A timely new report by Guy Berger and Liz Orembo, shines a light on a critical but often overlooked factor in African elections: the role of data. Drawing on stakeholder interviews and case studies from Kenya, South Africa, Ghana, and Zimbabwe, the research reveals that while data availability and integrity are fundamental to credible elections, awareness and engagement with data issues among electoral stakeholders remain alarmingly low.
The report finds that despite growing recognition of the importance of data for elections, there is still a limited understanding among key stakeholders of how crucial data access, availability, and governance are for democratic integrity. Electoral management bodies (EMBs), political parties, civil society, the media, and platforms alike often operate in silos, with little coordination or shared understanding of data responsibilities. EMBs, in particular, face challenges balancing transparency with privacy concerns, and many lack the internal capacity or clear policies to manage election-related data effectively. Meanwhile, civil society organisations, researchers, and journalists struggle to access critical data, often due to high costs or restrictive practices, and social media platforms have not meaningfully opened up election-related data for independent monitoring.
Political influence further complicates the landscape, with data sometimes weaponised to favour incumbents or suppress dissent, particularly in environments where trust in public institutions is low.
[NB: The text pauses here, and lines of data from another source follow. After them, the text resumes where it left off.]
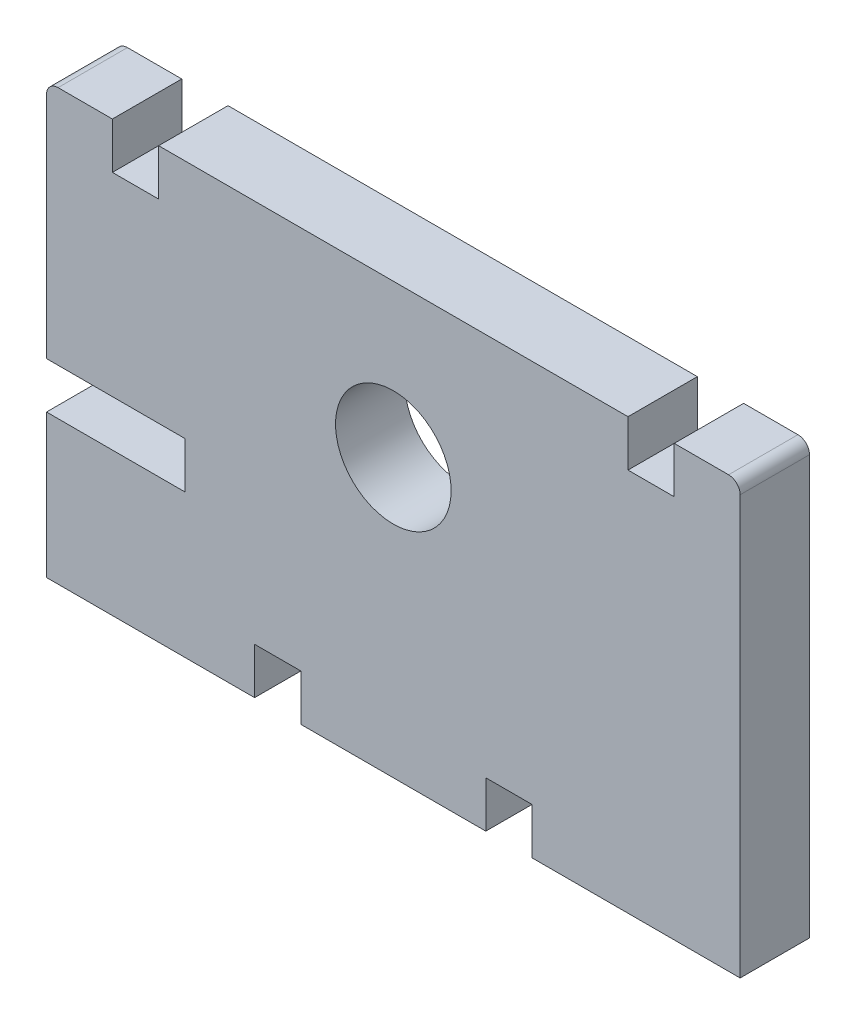
ISO-10303-21;
HEADER;
FILE_DESCRIPTION(('STEP AP214'),'2;1');
FILE_NAME('part.step','',(''),(''),'','','');
FILE_SCHEMA(('AUTOMOTIVE_DESIGN { 1 0 10303 214 1 1 1 1 }'));
ENDSEC;
DATA;
#1=APPLICATION_CONTEXT('core data for automotive mechanical design processes');
#2=APPLICATION_PROTOCOL_DEFINITION('international standard','automotive_design',2000,#1);
#3=PRODUCT_CONTEXT('',#1,'mechanical');
#4=PRODUCT('Part','Part','',(#3));
#5=PRODUCT_RELATED_PRODUCT_CATEGORY('part','',(#4));
#6=PRODUCT_DEFINITION_FORMATION('','',#4);
#7=PRODUCT_DEFINITION_CONTEXT('part definition',#1,'design');
#8=PRODUCT_DEFINITION('design','',#6,#7);
#9=PRODUCT_DEFINITION_SHAPE('','',#8);
#10=(LENGTH_UNIT() NAMED_UNIT(*) SI_UNIT(.MILLI.,.METRE.));
#11=(NAMED_UNIT(*) PLANE_ANGLE_UNIT() SI_UNIT($,.RADIAN.));
#12=(NAMED_UNIT(*) SI_UNIT($,.STERADIAN.) SOLID_ANGLE_UNIT());
#13=UNCERTAINTY_MEASURE_WITH_UNIT(LENGTH_MEASURE(1.E-05),#10,'distance_accuracy_value','');
#14=(GEOMETRIC_REPRESENTATION_CONTEXT(3) GLOBAL_UNCERTAINTY_ASSIGNED_CONTEXT((#13)) GLOBAL_UNIT_ASSIGNED_CONTEXT((#10,
#11,#12)) REPRESENTATION_CONTEXT('',''));
#15=CARTESIAN_POINT('',(0.,0.,0.));
#16=DIRECTION('',(0.,0.,1.));
#17=DIRECTION('',(1.,0.,0.));
#18=AXIS2_PLACEMENT_3D('',#15,#16,#17);
#19=CARTESIAN_POINT('',(3.99999999999999,0.,3.));
#20=DIRECTION('',(1.,0.,0.));
#21=DIRECTION('',(0.,1.,0.));
#22=AXIS2_PLACEMENT_3D('',#19,#20,#21);
#23=PLANE('',#22);
#24=DIRECTION('',(0.,-1.,0.));
#25=VECTOR('',#24,1.);
#26=CARTESIAN_POINT('',(3.99999999999999,0.,0.));
#27=LINE('',#26,#25);
#28=CARTESIAN_POINT('',(4.,-10.,0.));
#29=VERTEX_POINT('',#28);
#30=CARTESIAN_POINT('',(4.,-12.,0.));
#31=VERTEX_POINT('',#30);
#32=EDGE_CURVE('E219',#29,#31,#27,.T.);
#33=ORIENTED_EDGE('',*,*,#32,.F.);
#34=DIRECTION('',(0.,0.,-1.));
#35=VECTOR('',#34,1.);
#36=CARTESIAN_POINT('',(4.,-10.,3.));
#37=LINE('',#36,#35);
#38=CARTESIAN_POINT('',(4.,-10.,3.));
#39=VERTEX_POINT('',#38);
#40=EDGE_CURVE('E215',#39,#29,#37,.T.);
#41=ORIENTED_EDGE('',*,*,#40,.F.);
#42=DIRECTION('',(0.,-1.,0.));
#43=VECTOR('',#42,1.);
#44=CARTESIAN_POINT('',(3.99999999999999,0.,3.));
#45=LINE('',#44,#43);
#46=CARTESIAN_POINT('',(4.,-12.,3.));
#47=VERTEX_POINT('',#46);
#48=EDGE_CURVE('E217',#39,#47,#45,.T.);
#49=ORIENTED_EDGE('',*,*,#48,.T.);
#50=DIRECTION('',(0.,0.,-1.));
#51=VECTOR('',#50,1.);
#52=CARTESIAN_POINT('',(4.,-12.,3.));
#53=LINE('',#52,#51);
#54=EDGE_CURVE('E397',#47,#31,#53,.T.);
#55=ORIENTED_EDGE('',*,*,#54,.T.);
#56=EDGE_LOOP('',(#33,#41,#49,#55));
#57=FACE_BOUND('',#56,.T.);
#58=ADVANCED_FACE('F41',(#57),#23,.T.);
#59=CARTESIAN_POINT('',(0.,-10.,3.));
#60=DIRECTION('',(0.,-1.,0.));
#61=DIRECTION('',(0.,0.,-1.));
#62=AXIS2_PLACEMENT_3D('',#59,#60,#61);
#63=PLANE('',#62);
#64=DIRECTION('',(-1.,0.,0.));
#65=VECTOR('',#64,1.);
#66=CARTESIAN_POINT('',(0.,-10.,0.));
#67=LINE('',#66,#65);
#68=CARTESIAN_POINT('',(6.,-10.,0.));
#69=VERTEX_POINT('',#68);
#70=EDGE_CURVE('E320',#69,#29,#67,.T.);
#71=ORIENTED_EDGE('',*,*,#70,.F.);
#72=DIRECTION('',(0.,0.,-1.));
#73=VECTOR('',#72,1.);
#74=CARTESIAN_POINT('',(6.,-10.,3.));
#75=LINE('',#74,#73);
#76=CARTESIAN_POINT('',(6.,-10.,3.));
#77=VERTEX_POINT('',#76);
#78=EDGE_CURVE('E226',#77,#69,#75,.T.);
#79=ORIENTED_EDGE('',*,*,#78,.F.);
#80=DIRECTION('',(-1.,0.,0.));
#81=VECTOR('',#80,1.);
#82=CARTESIAN_POINT('',(0.,-10.,3.));
#83=LINE('',#82,#81);
#84=EDGE_CURVE('E232',#77,#39,#83,.T.);
#85=ORIENTED_EDGE('',*,*,#84,.T.);
#86=ORIENTED_EDGE('',*,*,#40,.T.);
#87=EDGE_LOOP('',(#71,#79,#85,#86));
#88=FACE_BOUND('',#87,.T.);
#89=ADVANCED_FACE('F240',(#88),#63,.T.);
#90=CARTESIAN_POINT('',(6.,0.,3.));
#91=DIRECTION('',(-1.,0.,0.));
#92=DIRECTION('',(0.,0.,1.));
#93=AXIS2_PLACEMENT_3D('',#90,#91,#92);
#94=PLANE('',#93);
#95=DIRECTION('',(0.,1.,0.));
#96=VECTOR('',#95,1.);
#97=CARTESIAN_POINT('',(6.,0.,0.));
#98=LINE('',#97,#96);
#99=CARTESIAN_POINT('',(6.,-12.,0.));
#100=VERTEX_POINT('',#99);
#101=EDGE_CURVE('E323',#100,#69,#98,.T.);
#102=ORIENTED_EDGE('',*,*,#101,.F.);
#103=DIRECTION('',(0.,0.,-1.));
#104=VECTOR('',#103,1.);
#105=CARTESIAN_POINT('',(6.,-12.,3.));
#106=LINE('',#105,#104);
#107=CARTESIAN_POINT('',(6.,-12.,3.));
#108=VERTEX_POINT('',#107);
#109=EDGE_CURVE('E464',#108,#100,#106,.T.);
#110=ORIENTED_EDGE('',*,*,#109,.F.);
#111=DIRECTION('',(0.,1.,0.));
#112=VECTOR('',#111,1.);
#113=CARTESIAN_POINT('',(6.,0.,3.));
#114=LINE('',#113,#112);
#115=EDGE_CURVE('E242',#108,#77,#114,.T.);
#116=ORIENTED_EDGE('',*,*,#115,.T.);
#117=ORIENTED_EDGE('',*,*,#78,.T.);
#118=EDGE_LOOP('',(#102,#110,#116,#117));
#119=FACE_BOUND('',#118,.T.);
#120=ADVANCED_FACE('F548',(#119),#94,.T.);
#121=CARTESIAN_POINT('',(0.,-12.,3.));
#122=DIRECTION('',(0.,1.,0.));
#123=DIRECTION('',(0.,0.,1.));
#124=AXIS2_PLACEMENT_3D('',#121,#122,#123);
#125=PLANE('',#124);
#126=DIRECTION('',(1.,0.,0.));
#127=VECTOR('',#126,1.);
#128=CARTESIAN_POINT('',(0.,-12.,0.));
#129=LINE('',#128,#127);
#130=CARTESIAN_POINT('',(15.,-12.,0.));
#131=VERTEX_POINT('',#130);
#132=EDGE_CURVE('E327',#100,#131,#129,.T.);
#133=ORIENTED_EDGE('',*,*,#132,.T.);
#134=DIRECTION('',(0.,0.,-1.));
#135=VECTOR('',#134,1.);
#136=CARTESIAN_POINT('',(15.,-12.,3.));
#137=LINE('',#136,#135);
#138=CARTESIAN_POINT('',(15.,-12.,3.));
#139=VERTEX_POINT('',#138);
#140=EDGE_CURVE('E460',#139,#131,#137,.T.);
#141=ORIENTED_EDGE('',*,*,#140,.F.);
#142=DIRECTION('',(1.,0.,0.));
#143=VECTOR('',#142,1.);
#144=CARTESIAN_POINT('',(0.,-12.,3.));
#145=LINE('',#144,#143);
#146=EDGE_CURVE('E245',#108,#139,#145,.T.);
#147=ORIENTED_EDGE('',*,*,#146,.F.);
#148=ORIENTED_EDGE('',*,*,#109,.T.);
#149=EDGE_LOOP('',(#133,#141,#147,#148));
#150=FACE_BOUND('',#149,.T.);
#151=ADVANCED_FACE('F612',(#150),#125,.F.);
#152=CARTESIAN_POINT('',(15.,0.,3.));
#153=DIRECTION('',(1.,0.,0.));
#154=DIRECTION('',(0.,1.,0.));
#155=AXIS2_PLACEMENT_3D('',#152,#153,#154);
#156=PLANE('',#155);
#157=DIRECTION('',(0.,-1.,0.));
#158=VECTOR('',#157,1.);
#159=CARTESIAN_POINT('',(15.,0.,0.));
#160=LINE('',#159,#158);
#161=CARTESIAN_POINT('',(15.,6.1,0.));
#162=VERTEX_POINT('',#161);
#163=EDGE_CURVE('E331',#162,#131,#160,.T.);
#164=ORIENTED_EDGE('',*,*,#163,.F.);
#165=DIRECTION('',(0.,0.,-1.));
#166=VECTOR('',#165,1.);
#167=CARTESIAN_POINT('',(15.,6.1,3.));
#168=LINE('',#167,#166);
#169=CARTESIAN_POINT('',(15.,6.1,3.));
#170=VERTEX_POINT('',#169);
#171=EDGE_CURVE('E11',#162,#170,#168,.F.);
#172=ORIENTED_EDGE('',*,*,#171,.T.);
#173=DIRECTION('',(0.,-1.,0.));
#174=VECTOR('',#173,1.);
#175=CARTESIAN_POINT('',(15.,0.,3.));
#176=LINE('',#175,#174);
#177=EDGE_CURVE('E252',#170,#139,#176,.T.);
#178=ORIENTED_EDGE('',*,*,#177,.T.);
#179=ORIENTED_EDGE('',*,*,#140,.T.);
#180=EDGE_LOOP('',(#164,#172,#178,#179));
#181=FACE_BOUND('',#180,.T.);
#182=ADVANCED_FACE('F613',(#181),#156,.T.);
#183=CARTESIAN_POINT('',(0.,6.6,3.));
#184=DIRECTION('',(0.,1.,0.));
#185=DIRECTION('',(0.,0.,1.));
#186=AXIS2_PLACEMENT_3D('',#183,#184,#185);
#187=PLANE('',#186);
#188=DIRECTION('',(1.,0.,0.));
#189=VECTOR('',#188,1.);
#190=CARTESIAN_POINT('',(0.,6.6,3.));
#191=LINE('',#190,#189);
#192=CARTESIAN_POINT('',(12.15,6.6,3.));
#193=VERTEX_POINT('',#192);
#194=CARTESIAN_POINT('',(14.5,6.6,3.));
#195=VERTEX_POINT('',#194);
#196=EDGE_CURVE('E256',#193,#195,#191,.T.);
#197=ORIENTED_EDGE('',*,*,#196,.T.);
#198=DIRECTION('',(0.,0.,-1.));
#199=VECTOR('',#198,1.);
#200=CARTESIAN_POINT('',(14.5,6.6,3.));
#201=LINE('',#200,#199);
#202=CARTESIAN_POINT('',(14.5,6.6,0.));
#203=VERTEX_POINT('',#202);
#204=EDGE_CURVE('E50',#195,#203,#201,.T.);
#205=ORIENTED_EDGE('',*,*,#204,.T.);
#206=DIRECTION('',(1.,0.,0.));
#207=VECTOR('',#206,1.);
#208=CARTESIAN_POINT('',(0.,6.6,0.));
#209=LINE('',#208,#207);
#210=CARTESIAN_POINT('',(12.15,6.6,0.));
#211=VERTEX_POINT('',#210);
#212=EDGE_CURVE('E336',#211,#203,#209,.T.);
#213=ORIENTED_EDGE('',*,*,#212,.F.);
#214=DIRECTION('',(0.,0.,-1.));
#215=VECTOR('',#214,1.);
#216=CARTESIAN_POINT('',(12.15,6.6,3.));
#217=LINE('',#216,#215);
#218=EDGE_CURVE('E457',#193,#211,#217,.T.);
#219=ORIENTED_EDGE('',*,*,#218,.F.);
#220=EDGE_LOOP('',(#197,#205,#213,#219));
#221=FACE_BOUND('',#220,.T.);
#222=ADVANCED_FACE('F490',(#221),#187,.T.);
#223=CARTESIAN_POINT('',(12.15,0.,3.));
#224=DIRECTION('',(1.,0.,0.));
#225=DIRECTION('',(0.,0.,-1.));
#226=AXIS2_PLACEMENT_3D('',#223,#224,#225);
#227=PLANE('',#226);
#228=DIRECTION('',(0.,-1.,0.));
#229=VECTOR('',#228,1.);
#230=CARTESIAN_POINT('',(12.15,0.,0.));
#231=LINE('',#230,#229);
#232=CARTESIAN_POINT('',(12.15,4.6,0.));
#233=VERTEX_POINT('',#232);
#234=EDGE_CURVE('E340',#211,#233,#231,.T.);
#235=ORIENTED_EDGE('',*,*,#234,.T.);
#236=DIRECTION('',(0.,0.,-1.));
#237=VECTOR('',#236,1.);
#238=CARTESIAN_POINT('',(12.15,4.6,3.));
#239=LINE('',#238,#237);
#240=CARTESIAN_POINT('',(12.15,4.6,3.));
#241=VERTEX_POINT('',#240);
#242=EDGE_CURVE('E453',#241,#233,#239,.T.);
#243=ORIENTED_EDGE('',*,*,#242,.F.);
#244=DIRECTION('',(0.,-1.,0.));
#245=VECTOR('',#244,1.);
#246=CARTESIAN_POINT('',(12.15,0.,3.));
#247=LINE('',#246,#245);
#248=EDGE_CURVE('E259',#193,#241,#247,.T.);
#249=ORIENTED_EDGE('',*,*,#248,.F.);
#250=ORIENTED_EDGE('',*,*,#218,.T.);
#251=EDGE_LOOP('',(#235,#243,#249,#250));
#252=FACE_BOUND('',#251,.T.);
#253=ADVANCED_FACE('F498',(#252),#227,.F.);
#254=CARTESIAN_POINT('',(0.,4.6,3.));
#255=DIRECTION('',(0.,-1.,0.));
#256=DIRECTION('',(1.,0.,0.));
#257=AXIS2_PLACEMENT_3D('',#254,#255,#256);
#258=PLANE('',#257);
#259=DIRECTION('',(-1.,0.,0.));
#260=VECTOR('',#259,1.);
#261=CARTESIAN_POINT('',(0.,4.6,0.));
#262=LINE('',#261,#260);
#263=CARTESIAN_POINT('',(10.15,4.6,0.));
#264=VERTEX_POINT('',#263);
#265=EDGE_CURVE('E346',#233,#264,#262,.T.);
#266=ORIENTED_EDGE('',*,*,#265,.T.);
#267=DIRECTION('',(0.,0.,-1.));
#268=VECTOR('',#267,1.);
#269=CARTESIAN_POINT('',(10.15,4.6,3.));
#270=LINE('',#269,#268);
#271=CARTESIAN_POINT('',(10.15,4.6,3.));
#272=VERTEX_POINT('',#271);
#273=EDGE_CURVE('E449',#272,#264,#270,.T.);
#274=ORIENTED_EDGE('',*,*,#273,.F.);
#275=DIRECTION('',(-1.,0.,0.));
#276=VECTOR('',#275,1.);
#277=CARTESIAN_POINT('',(0.,4.6,3.));
#278=LINE('',#277,#276);
#279=EDGE_CURVE('E265',#241,#272,#278,.T.);
#280=ORIENTED_EDGE('',*,*,#279,.F.);
#281=ORIENTED_EDGE('',*,*,#242,.T.);
#282=EDGE_LOOP('',(#266,#274,#280,#281));
#283=FACE_BOUND('',#282,.T.);
#284=ADVANCED_FACE('F504',(#283),#258,.F.);
#285=CARTESIAN_POINT('',(10.15,0.,3.));
#286=DIRECTION('',(-1.,0.,0.));
#287=DIRECTION('',(0.,-1.,0.));
#288=AXIS2_PLACEMENT_3D('',#285,#286,#287);
#289=PLANE('',#288);
#290=DIRECTION('',(0.,1.,0.));
#291=VECTOR('',#290,1.);
#292=CARTESIAN_POINT('',(10.15,0.,0.));
#293=LINE('',#292,#291);
#294=CARTESIAN_POINT('',(10.15,6.6,0.));
#295=VERTEX_POINT('',#294);
#296=EDGE_CURVE('E350',#264,#295,#293,.T.);
#297=ORIENTED_EDGE('',*,*,#296,.T.);
#298=DIRECTION('',(0.,0.,-1.));
#299=VECTOR('',#298,1.);
#300=CARTESIAN_POINT('',(10.15,6.6,3.));
#301=LINE('',#300,#299);
#302=CARTESIAN_POINT('',(10.15,6.6,3.));
#303=VERTEX_POINT('',#302);
#304=EDGE_CURVE('E446',#303,#295,#301,.T.);
#305=ORIENTED_EDGE('',*,*,#304,.F.);
#306=DIRECTION('',(0.,1.,0.));
#307=VECTOR('',#306,1.);
#308=CARTESIAN_POINT('',(10.15,0.,3.));
#309=LINE('',#308,#307);
#310=EDGE_CURVE('E269',#272,#303,#309,.T.);
#311=ORIENTED_EDGE('',*,*,#310,.F.);
#312=ORIENTED_EDGE('',*,*,#273,.T.);
#313=EDGE_LOOP('',(#297,#305,#311,#312));
#314=FACE_BOUND('',#313,.T.);
#315=ADVANCED_FACE('F506',(#314),#289,.F.);
#316=CARTESIAN_POINT('',(-10.15,6.6,0.));
#317=VERTEX_POINT('',#316);
#318=EDGE_CURVE('E342',#317,#295,#209,.T.);
#319=ORIENTED_EDGE('',*,*,#318,.F.);
#320=DIRECTION('',(0.,0.,-1.));
#321=VECTOR('',#320,1.);
#322=CARTESIAN_POINT('',(-10.15,6.6,3.));
#323=LINE('',#322,#321);
#324=CARTESIAN_POINT('',(-10.15,6.6,3.));
#325=VERTEX_POINT('',#324);
#326=EDGE_CURVE('E443',#325,#317,#323,.T.);
#327=ORIENTED_EDGE('',*,*,#326,.F.);
#328=EDGE_CURVE('E261',#325,#303,#191,.T.);
#329=ORIENTED_EDGE('',*,*,#328,.T.);
#330=ORIENTED_EDGE('',*,*,#304,.T.);
#331=EDGE_LOOP('',(#319,#327,#329,#330));
#332=FACE_BOUND('',#331,.T.);
#333=ADVANCED_FACE('F511',(#332),#187,.T.);
#334=CARTESIAN_POINT('',(-10.15,0.,3.));
#335=DIRECTION('',(-1.,0.,0.));
#336=DIRECTION('',(0.,-1.,0.));
#337=AXIS2_PLACEMENT_3D('',#334,#335,#336);
#338=PLANE('',#337);
#339=DIRECTION('',(0.,1.,0.));
#340=VECTOR('',#339,1.);
#341=CARTESIAN_POINT('',(-10.15,0.,0.));
#342=LINE('',#341,#340);
#343=CARTESIAN_POINT('',(-10.15,4.6,0.));
#344=VERTEX_POINT('',#343);
#345=EDGE_CURVE('E354',#344,#317,#342,.T.);
#346=ORIENTED_EDGE('',*,*,#345,.F.);
#347=DIRECTION('',(0.,0.,-1.));
#348=VECTOR('',#347,1.);
#349=CARTESIAN_POINT('',(-10.15,4.6,3.));
#350=LINE('',#349,#348);
#351=CARTESIAN_POINT('',(-10.15,4.6,3.));
#352=VERTEX_POINT('',#351);
#353=EDGE_CURVE('E440',#352,#344,#350,.T.);
#354=ORIENTED_EDGE('',*,*,#353,.F.);
#355=DIRECTION('',(0.,1.,0.));
#356=VECTOR('',#355,1.);
#357=CARTESIAN_POINT('',(-10.15,0.,3.));
#358=LINE('',#357,#356);
#359=EDGE_CURVE('E272',#352,#325,#358,.T.);
#360=ORIENTED_EDGE('',*,*,#359,.T.);
#361=ORIENTED_EDGE('',*,*,#326,.T.);
#362=EDGE_LOOP('',(#346,#354,#360,#361));
#363=FACE_BOUND('',#362,.T.);
#364=ADVANCED_FACE('F533',(#363),#338,.T.);
#365=CARTESIAN_POINT('',(0.,4.6,3.));
#366=DIRECTION('',(0.,1.,0.));
#367=DIRECTION('',(-1.,0.,0.));
#368=AXIS2_PLACEMENT_3D('',#365,#366,#367);
#369=PLANE('',#368);
#370=DIRECTION('',(1.,0.,0.));
#371=VECTOR('',#370,1.);
#372=CARTESIAN_POINT('',(0.,4.6,0.));
#373=LINE('',#372,#371);
#374=CARTESIAN_POINT('',(-12.15,4.6,0.));
#375=VERTEX_POINT('',#374);
#376=EDGE_CURVE('E358',#375,#344,#373,.T.);
#377=ORIENTED_EDGE('',*,*,#376,.F.);
#378=DIRECTION('',(0.,0.,-1.));
#379=VECTOR('',#378,1.);
#380=CARTESIAN_POINT('',(-12.15,4.6,3.));
#381=LINE('',#380,#379);
#382=CARTESIAN_POINT('',(-12.15,4.6,3.));
#383=VERTEX_POINT('',#382);
#384=EDGE_CURVE('E437',#383,#375,#381,.T.);
#385=ORIENTED_EDGE('',*,*,#384,.F.);
#386=DIRECTION('',(1.,0.,0.));
#387=VECTOR('',#386,1.);
#388=CARTESIAN_POINT('',(0.,4.6,3.));
#389=LINE('',#388,#387);
#390=EDGE_CURVE('E276',#383,#352,#389,.T.);
#391=ORIENTED_EDGE('',*,*,#390,.T.);
#392=ORIENTED_EDGE('',*,*,#353,.T.);
#393=EDGE_LOOP('',(#377,#385,#391,#392));
#394=FACE_BOUND('',#393,.T.);
#395=ADVANCED_FACE('F528',(#394),#369,.T.);
#396=CARTESIAN_POINT('',(-12.15,0.,3.));
#397=DIRECTION('',(1.,0.,0.));
#398=DIRECTION('',(0.,0.,-1.));
#399=AXIS2_PLACEMENT_3D('',#396,#397,#398);
#400=PLANE('',#399);
#401=DIRECTION('',(0.,-1.,0.));
#402=VECTOR('',#401,1.);
#403=CARTESIAN_POINT('',(-12.15,0.,0.));
#404=LINE('',#403,#402);
#405=CARTESIAN_POINT('',(-12.15,6.6,0.));
#406=VERTEX_POINT('',#405);
#407=EDGE_CURVE('E362',#406,#375,#404,.T.);
#408=ORIENTED_EDGE('',*,*,#407,.F.);
#409=DIRECTION('',(0.,0.,-1.));
#410=VECTOR('',#409,1.);
#411=CARTESIAN_POINT('',(-12.15,6.6,3.));
#412=LINE('',#411,#410);
#413=CARTESIAN_POINT('',(-12.15,6.6,3.));
#414=VERTEX_POINT('',#413);
#415=EDGE_CURVE('E433',#414,#406,#412,.T.);
#416=ORIENTED_EDGE('',*,*,#415,.F.);
#417=DIRECTION('',(0.,-1.,0.));
#418=VECTOR('',#417,1.);
#419=CARTESIAN_POINT('',(-12.15,0.,3.));
#420=LINE('',#419,#418);
#421=EDGE_CURVE('E280',#414,#383,#420,.T.);
#422=ORIENTED_EDGE('',*,*,#421,.T.);
#423=ORIENTED_EDGE('',*,*,#384,.T.);
#424=EDGE_LOOP('',(#408,#416,#422,#423));
#425=FACE_BOUND('',#424,.T.);
#426=ADVANCED_FACE('F524',(#425),#400,.T.);
#427=CARTESIAN_POINT('',(-14.5,6.6,0.));
#428=VERTEX_POINT('',#427);
#429=EDGE_CURVE('E341',#428,#406,#209,.T.);
#430=ORIENTED_EDGE('',*,*,#429,.F.);
#431=DIRECTION('',(0.,0.,-1.));
#432=VECTOR('',#431,1.);
#433=CARTESIAN_POINT('',(-14.5,6.6,3.));
#434=LINE('',#433,#432);
#435=CARTESIAN_POINT('',(-14.5,6.6,3.));
#436=VERTEX_POINT('',#435);
#437=EDGE_CURVE('E478',#428,#436,#434,.F.);
#438=ORIENTED_EDGE('',*,*,#437,.T.);
#439=EDGE_CURVE('E260',#436,#414,#191,.T.);
#440=ORIENTED_EDGE('',*,*,#439,.T.);
#441=ORIENTED_EDGE('',*,*,#415,.T.);
#442=EDGE_LOOP('',(#430,#438,#440,#441));
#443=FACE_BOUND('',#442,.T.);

The report also highlights serious capacity gaps across stakeholder groups when it comes to managing, analysing, and sharing data, and points to the lack of comprehensive mechanisms to ensure accountability for how data is handled during election periods. Despite these challenges, initiatives like the African Commission on Human and Peoples’ Rights’ recent resolution on data access present new opportunities for reform—if stakeholders commit to collaboration, capacity-building, and policy innovation.